I went out for 60 miles. I have a set of Mavics that I've never used sitting. These are the balded spoke assortment. They may be light but those bladed spokes are like barn doors in windy weather. I used them a couple times in February of this year. One a descent the wind blew me over an entire car width almost into the guard rails. I removed them and they're sitting. I ordered a training wheel set from Bicycle Wheel Warehouse and it's 32 double butted DT spoke on DT Swiss profile RR 1.2's. Sweet ride, after more than 7,000 miles haven't taken a spoke wrench to them. They're not light mind you, but when you're riding with a nap sack most of the time commuting to work ...what's the toss up on weight regarding assurances to getting there? With the normal double butted spoke I've gained back total control on side winds and hefty windy New England Spring days and Fall gusts. You had a sustained wind today of 17 mph and gusts up to 35 mph. Bike almost stood still a couple times with the bigger gusts from the NW but ...at least it was a gust against the entire bike and not just focused on the spokes.
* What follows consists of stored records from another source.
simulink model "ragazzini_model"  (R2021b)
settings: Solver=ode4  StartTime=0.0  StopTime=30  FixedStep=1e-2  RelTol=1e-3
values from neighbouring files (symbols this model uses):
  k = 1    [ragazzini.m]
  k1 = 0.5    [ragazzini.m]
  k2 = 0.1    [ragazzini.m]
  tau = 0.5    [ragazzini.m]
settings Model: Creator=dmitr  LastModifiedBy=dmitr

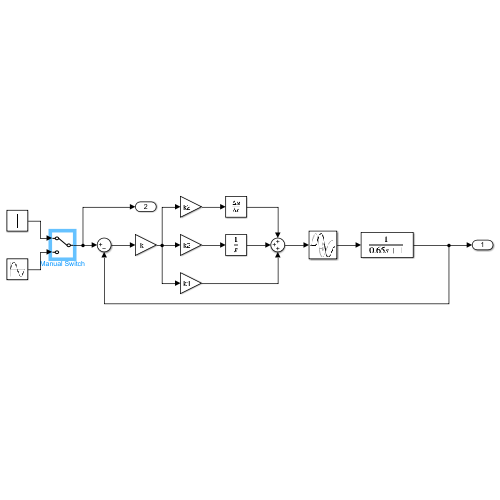
[thumbnail: Simulink's stored preview of the top-level diagram]
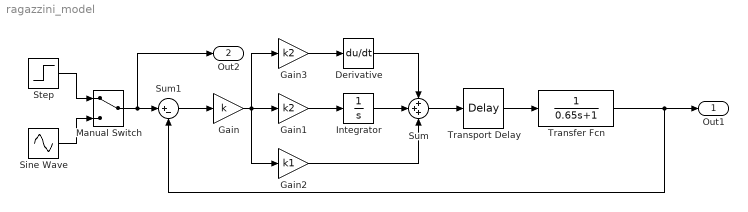
== system ragazzini_model ==
  Derivative : Derivative
  Gain : Gain  Gain=k
  Gain1 : Gain  Gain=k2
  Gain2 : Gain  Gain=k1
  Gain3 : Gain  Gain=k2
  Integrator : Integrator
  Manual Switch : ManualSwitch
  Sine Wave : Sin  SampleTime=0
  Step : Step  Time=0  SampleTime=0
  Sum : Sum  Inputs=+++
  Sum1 : Sum  Inputs=|+-
  Transfer Fcn : TransferFcn  Denominator=[0.65 1]
  Transport Delay : TransportDelay  DelayTime=tau
  Out1 : Outport
  Out2 : Outport  Port=2
  wires:
  Gain1/1 -> Integrator/1
  Gain3/1 -> Derivative/1
  Gain2/1 -> Sum/3
  Integrator/1 -> Sum/2
  Derivative/1 -> Sum/1
  Gain/1 -> Gain1/1, Gain3/1, Gain2/1
  Sum/1 -> Transport Delay/1
  Transport Delay/1 -> Transfer Fcn/1
  Sum1/1 -> Gain/1
  Step/1 -> Manual Switch/1
  Manual Switch/1 -> Out2/1, Sum1/1
  Sine Wave/1 -> Manual Switch/2
  Transfer Fcn/1 -> Sum1/2, Out1/1
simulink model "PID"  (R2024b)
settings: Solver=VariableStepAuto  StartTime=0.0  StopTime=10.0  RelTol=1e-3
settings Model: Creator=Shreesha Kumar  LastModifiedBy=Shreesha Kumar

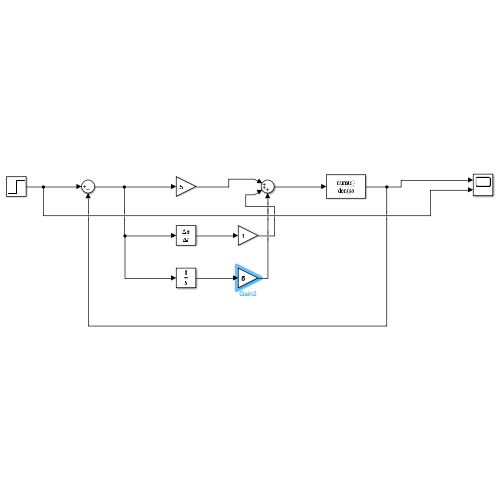
[thumbnail: Simulink's stored preview of the top-level diagram]
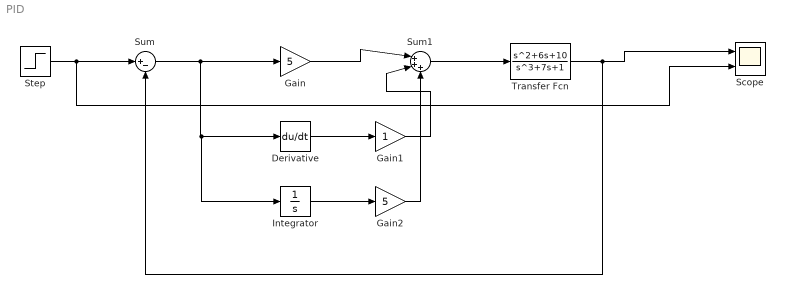
== system PID ==
  Derivative : Derivative
  Gain : Gain  Gain=5
  Gain1 : Gain
  Gain2 : Gain  Gain=5
  Integrator : Integrator
  Scope : Scope  NumInputPorts=2
  Step : Step  SampleTime=0
  Sum : Sum  Inputs=|+-
  Sum1 : Sum  Inputs=|+++
  Transfer Fcn : TransferFcn  Numerator=[1 6 10]  Denominator=[1 ,0,7,1]
  wires:
  Gain/1 -> Sum1/1
  Gain1/1 -> Sum1/2
  Transfer Fcn/1 -> Scope/1, Sum/2
  Derivative/1 -> Gain1/1
  Step/1 -> Sum/1, Scope/2
  Sum1/1 -> Transfer Fcn/1
  Sum/1 -> Integrator/1, Derivative/1, Gain/1
  Gain2/1 -> Sum1/3
  Integrator/1 -> Gain2/1

Tomorrow will be a 75 miler.:thumbsup: Just be out around 10h00, because the winds will pick up greatly after 13h00.


Here are the wheels and tires just sitting..... Click it's a thumb nail


Here are my new ones, click it's a thumb nail


----------



## Lil Dale (Feb 19, 2009)

I may do the Sleeping Giant ride/pseudo race! tomorrow, will decide in the morning.


----------



## Suzie Green (May 16, 2008)

At this time of the year I just ride my mountain bike. I seem to stay warmer, probably because I'm going slower. The down side is that I need to be careful during hunting season, so mostly I'm out on Sundays.


----------



## EverydayRide (Sep 12, 2008)

Suzie Green said:


> At this time of the year I just ride my mountain bike. I seem to stay warmer, probably because I'm going slower. The down side is that I need to be careful during hunting season, so mostly I'm out on Sundays.


I use to ride in a great place around West Hartford, CT called the Reservoir. It has two distinctive rides, one on black top mostly that circles the main park and reservoir itself for an 8 mile loop. Down side, it's full of dogs on long, long leashes with hundreds of joggers/runners and walkers. Plus side, just off the beaten black top area there are miles upon miles of fire roads, all dirt, some steep and mostly in tree covered areas. Excellent riding crossing three town lines in forest. If you break a chain it can be a long and muddy cold walk back.

One time I was riding early spring with a club, had a flat and was dropped. I decided to cross trails to catch them. I saw what looked like a shallow puddle about 10 feet long and couple feet wide. Decided to just run through it.

Mistake. It was two feet deep. Small sink hole.

The part about hunting season is hilarious too. On those rides in that area there are dozen upon dozens of deer just grazing inches from your trails. You could pet them while riding by they're so close. Meanwhile on the other side of the mountain all the hunters are empty handed.  

The work out on a mountain bike is much different then road. You actually have to prepare for a mountain bike ride... even packing up the vehicle and driving to the paths or park. Road, you just suit up, roll outside and begin the ride immediately. Around here there's so much traffic week ends to those mountain biking/outdoor areas it's not worth the hassle.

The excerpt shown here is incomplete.